According to the company, this system provides an expandable, speedier memory capacity that frees up AI from memory constraints.
Within Panmnesia's CXL system, memory is decoupled from the central processing unit via CXL 3.0. This permits the storage of significant AI search data within the memory pool. In theory, CXL 3.0 enables the system to accommodate a memory capacity of up to 4 Petabytes per CPU’s root complex. Furthermore, their innovation amplifies the speed of query processing by 111.1 times, surpassing current methodologies, including Microsoft's production service.
There's a marked transformation in the evolution of search engines in recent times. Users who were confined to inputting minimal keywords for their search inquiries, are now benefitting from advancements in AI have accelerated the capabilities of search engines.
At the heart of this progression is the vector search algorithm. It sifts through the AI-generated portrayals of objects, known as embedding vectors, to pinpoint those most aligned with the user's intentions. Each embedding vector is a composition of hundreds of numerical values. For swift search through these embedding vectors, they are catalogued by a proximity graph, designed with the vectors as its nodes.
Though vector search can yield accurate results within milliseconds, it exerts considerable memory demands on the computing system. For example, Microsoft has disclosed that their search engine manages over 100 billion embedding vectors, potentially consuming more than 40 terabytes of memory space. To mitigate this memory burden, recent strategies include compressing the embedding vector to lessen memory requirements and utilising high-capacity SSDs to house all original embedding vectors along with the proximity graph.
These tactics, however, often lead to diminished accuracy and/or performance, posing a challenge to the delivery of high-quality real-time search services.

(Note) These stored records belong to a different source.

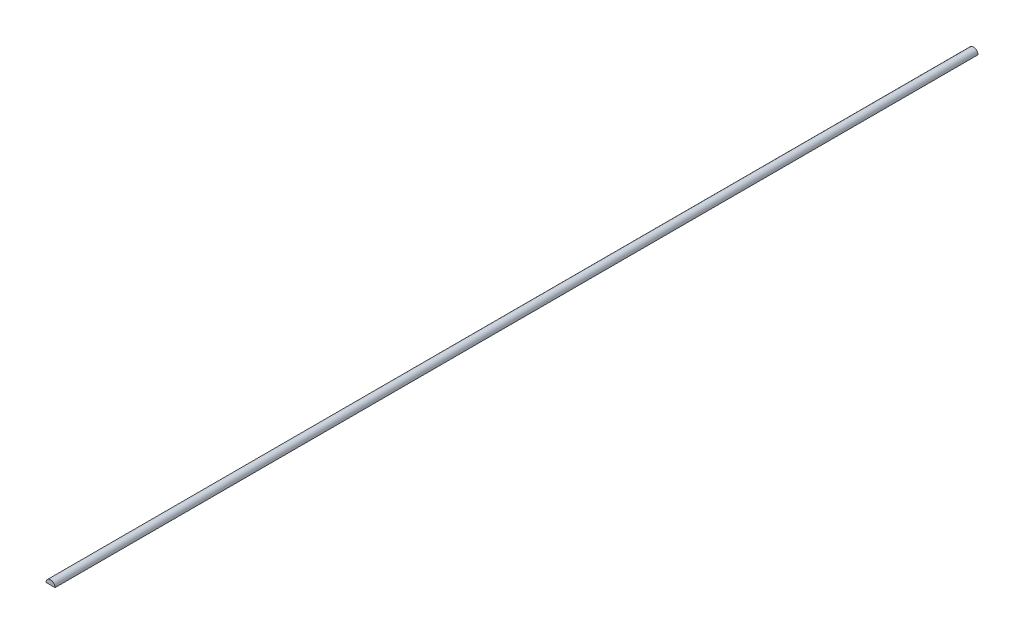
ISO-10303-21;
HEADER;
FILE_DESCRIPTION(('STEP AP214'),'2;1');
FILE_NAME('part.step','',(''),(''),'','','');
FILE_SCHEMA(('AUTOMOTIVE_DESIGN { 1 0 10303 214 1 1 1 1 }'));
ENDSEC;
DATA;
#1=APPLICATION_CONTEXT('core data for automotive mechanical design processes');
#2=APPLICATION_PROTOCOL_DEFINITION('international standard','automotive_design',2000,#1);
#3=PRODUCT_CONTEXT('',#1,'mechanical');
#4=PRODUCT('Part','Part','',(#3));
#5=PRODUCT_RELATED_PRODUCT_CATEGORY('part','',(#4));
#6=PRODUCT_DEFINITION_FORMATION('','',#4);
#7=PRODUCT_DEFINITION_CONTEXT('part definition',#1,'design');
#8=PRODUCT_DEFINITION('design','',#6,#7);
#9=PRODUCT_DEFINITION_SHAPE('','',#8);
#10=(LENGTH_UNIT() NAMED_UNIT(*) SI_UNIT(.MILLI.,.METRE.));
#11=(NAMED_UNIT(*) PLANE_ANGLE_UNIT() SI_UNIT($,.RADIAN.));
#12=(NAMED_UNIT(*) SI_UNIT($,.STERADIAN.) SOLID_ANGLE_UNIT());
#13=UNCERTAINTY_MEASURE_WITH_UNIT(LENGTH_MEASURE(1.E-05),#10,'distance_accuracy_value','');
#14=(GEOMETRIC_REPRESENTATION_CONTEXT(3) GLOBAL_UNCERTAINTY_ASSIGNED_CONTEXT((#13)) GLOBAL_UNIT_ASSIGNED_CONTEXT((#10,
#11,#12)) REPRESENTATION_CONTEXT('',''));
#15=CARTESIAN_POINT('',(0.,0.,0.));
#16=DIRECTION('',(0.,0.,1.));
#17=DIRECTION('',(1.,0.,0.));
#18=AXIS2_PLACEMENT_3D('',#15,#16,#17);
#19=CARTESIAN_POINT('',(0.,0.,101.95));
#20=DIRECTION('',(0.,0.,-1.));
#21=DIRECTION('',(-1.,0.,0.));
#22=AXIS2_PLACEMENT_3D('',#19,#20,#21);
#23=CYLINDRICAL_SURFACE('',#22,1.);
#24=CARTESIAN_POINT('',(0.,0.,-101.95));
#25=DIRECTION('',(0.,0.,1.));
#26=DIRECTION('',(1.,0.,0.));
#27=AXIS2_PLACEMENT_3D('',#24,#25,#26);
#28=CIRCLE('',#27,1.);
#29=CARTESIAN_POINT('',(1.,0.,-101.95));
#30=VERTEX_POINT('',#29);
#31=CARTESIAN_POINT('',(-1.,0.,-101.95));
#32=VERTEX_POINT('',#31);
#33=EDGE_CURVE('E63',#30,#32,#28,.T.);
#34=ORIENTED_EDGE('',*,*,#33,.T.);
#35=DIRECTION('',(0.,0.,-1.));
#36=VECTOR('',#35,1.);
#37=CARTESIAN_POINT('',(-1.,0.,101.95));
#38=LINE('',#37,#36);
#39=CARTESIAN_POINT('',(-1.,0.,101.95));
#40=VERTEX_POINT('',#39);
#41=EDGE_CURVE('E11',#40,#32,#38,.T.);
#42=ORIENTED_EDGE('',*,*,#41,.F.);
#43=CARTESIAN_POINT('',(0.,0.,101.95));
#44=DIRECTION('',(0.,0.,1.));
#45=DIRECTION('',(1.,0.,0.));
#46=AXIS2_PLACEMENT_3D('',#43,#44,#45);
#47=CIRCLE('',#46,1.);
#48=CARTESIAN_POINT('',(1.,0.,101.95));
#49=VERTEX_POINT('',#48);
#50=EDGE_CURVE('E62',#49,#40,#47,.T.);
#51=ORIENTED_EDGE('',*,*,#50,.F.);
#52=DIRECTION('',(0.,0.,-1.));
#53=VECTOR('',#52,1.);
#54=CARTESIAN_POINT('',(1.,0.,101.95));
#55=LINE('',#54,#53);
#56=EDGE_CURVE('E40',#49,#30,#55,.T.);
#57=ORIENTED_EDGE('',*,*,#56,.T.);
#58=EDGE_LOOP('',(#34,#42,#51,#57));
#59=FACE_BOUND('',#58,.T.);
#60=ADVANCED_FACE('F32',(#59),#23,.T.);
#61=CARTESIAN_POINT('',(-1.,0.,101.95));
#62=DIRECTION('',(0.,1.,0.));
#63=DIRECTION('',(0.,0.,1.));
#64=AXIS2_PLACEMENT_3D('',#61,#62,#63);
#65=PLANE('',#64);
#66=DIRECTION('',(1.,0.,0.));
#67=VECTOR('',#66,1.);
#68=CARTESIAN_POINT('',(-1.,0.,-101.95));
#69=LINE('',#68,#67);
#70=EDGE_CURVE('E55',#32,#30,#69,.T.);
#71=ORIENTED_EDGE('',*,*,#70,.T.);
#72=ORIENTED_EDGE('',*,*,#56,.F.);
#73=DIRECTION('',(1.,0.,0.));
#74=VECTOR('',#73,1.);
#75=CARTESIAN_POINT('',(-1.,0.,101.95));
#76=LINE('',#75,#74);
#77=EDGE_CURVE('E47',#40,#49,#76,.T.);
#78=ORIENTED_EDGE('',*,*,#77,.F.);
#79=ORIENTED_EDGE('',*,*,#41,.T.);
#80=EDGE_LOOP('',(#71,#72,#78,#79));
#81=FACE_BOUND('',#80,.T.);
#82=ADVANCED_FACE('F58',(#81),#65,.F.);
#83=CARTESIAN_POINT('',(0.,0.,101.95));
#84=DIRECTION('',(0.,0.,1.));
#85=DIRECTION('',(1.,0.,0.));
#86=AXIS2_PLACEMENT_3D('',#83,#84,#85);
#87=PLANE('',#86);
#88=ORIENTED_EDGE('',*,*,#50,.T.);
#89=ORIENTED_EDGE('',*,*,#77,.T.);
#90=EDGE_LOOP('',(#88,#89));
#91=FACE_BOUND('',#90,.T.);
#92=ADVANCED_FACE('F70',(#91),#87,.T.);
#93=CARTESIAN_POINT('',(0.,0.,-101.95));
#94=DIRECTION('',(0.,0.,1.));
#95=DIRECTION('',(1.,0.,0.));
#96=AXIS2_PLACEMENT_3D('',#93,#94,#95);
#97=PLANE('',#96);
#98=ORIENTED_EDGE('',*,*,#33,.F.);
#99=ORIENTED_EDGE('',*,*,#70,.F.);
#100=EDGE_LOOP('',(#98,#99));
#101=FACE_BOUND('',#100,.T.);
#102=ADVANCED_FACE('F66',(#101),#97,.F.);
#103=CLOSED_SHELL('',(#60,#82,#92,#102));
#104=MANIFOLD_SOLID_BREP('B2',#103);
#105=ADVANCED_BREP_SHAPE_REPRESENTATION('',(#18,#104),#14);
#106=SHAPE_DEFINITION_REPRESENTATION(#9,#105);
ENDSEC;
END-ISO-10303-21;

Panmnesia’s system for vector search, known as CXL-ANNS, looks to tackle these challenges. CXL-ANNS capitalises on the CXL-based disaggregated memory pool, providing infinite memory for vector search. Its architecture is scalable, linking multiple memory expanders to the CPU via a CXL switch, hence offering vast memory capacity as needed. The company has also revealed a complete system prototype based on actual hardware and software.
At the system’s heart is CXL, an open industry standard that provides cache-coherent interconnect between devices such as memory expanders and the CPU. This interconnect enables the CPU to access the internal memory of the memory expander device through standard memory instructions, such as load and store. This compatibility at the instruction level means the application can leverage the extensive memory space from the CXL memory pool without the need for modification. However, this comes with a drawback; each memory request to the CXL memory space necessitates data transfer via the interconnect, thereby adding a latency equal to or more than a DRAM access itself.
Panmnesia's research team tackled this challenge by introducing a software-hardware co-design specifically crafted for vector search. The software of CXL-ANNS strategically locates the frequently accessed nodes of the proximity graph in the local DRAM. This technique minimises CXL memory access during vector indexing, reducing the additional latency caused by CXL.
Conversely, the hardware of CXL-ANNS processes the embedding vectors within the memory expander device by incorporating a domain-specific accelerator (DSA) into its controller. The DSA rapidly analyses the embedding vector and generates a smaller result, indicating whether the vector aligns with user intent. By transferring this compact result to the CPU instead of the original vector, it significantly alleviates the data movement overhead.
The research illustrates that CXL-ANNS enhances the speed of vector search by 111.1 times in comparison to leading-edge vector search platforms that utilise compression and/or SSDs. They also underscored that CXL-ANNS surpasses a theoretical system with unlimited local DRAM resources by a factor of 3.8.
"CXL-ANNS establishes a new standard in crafting advanced systems specifically designed for representative datacentre applications, wholly harnessing the advantage of CXL technology," stated Myoungsoo Jung, CEO of Panmnesia. "We foresee our research sparking innovation within the community and stimulating the expansion of the CXL ecosystem."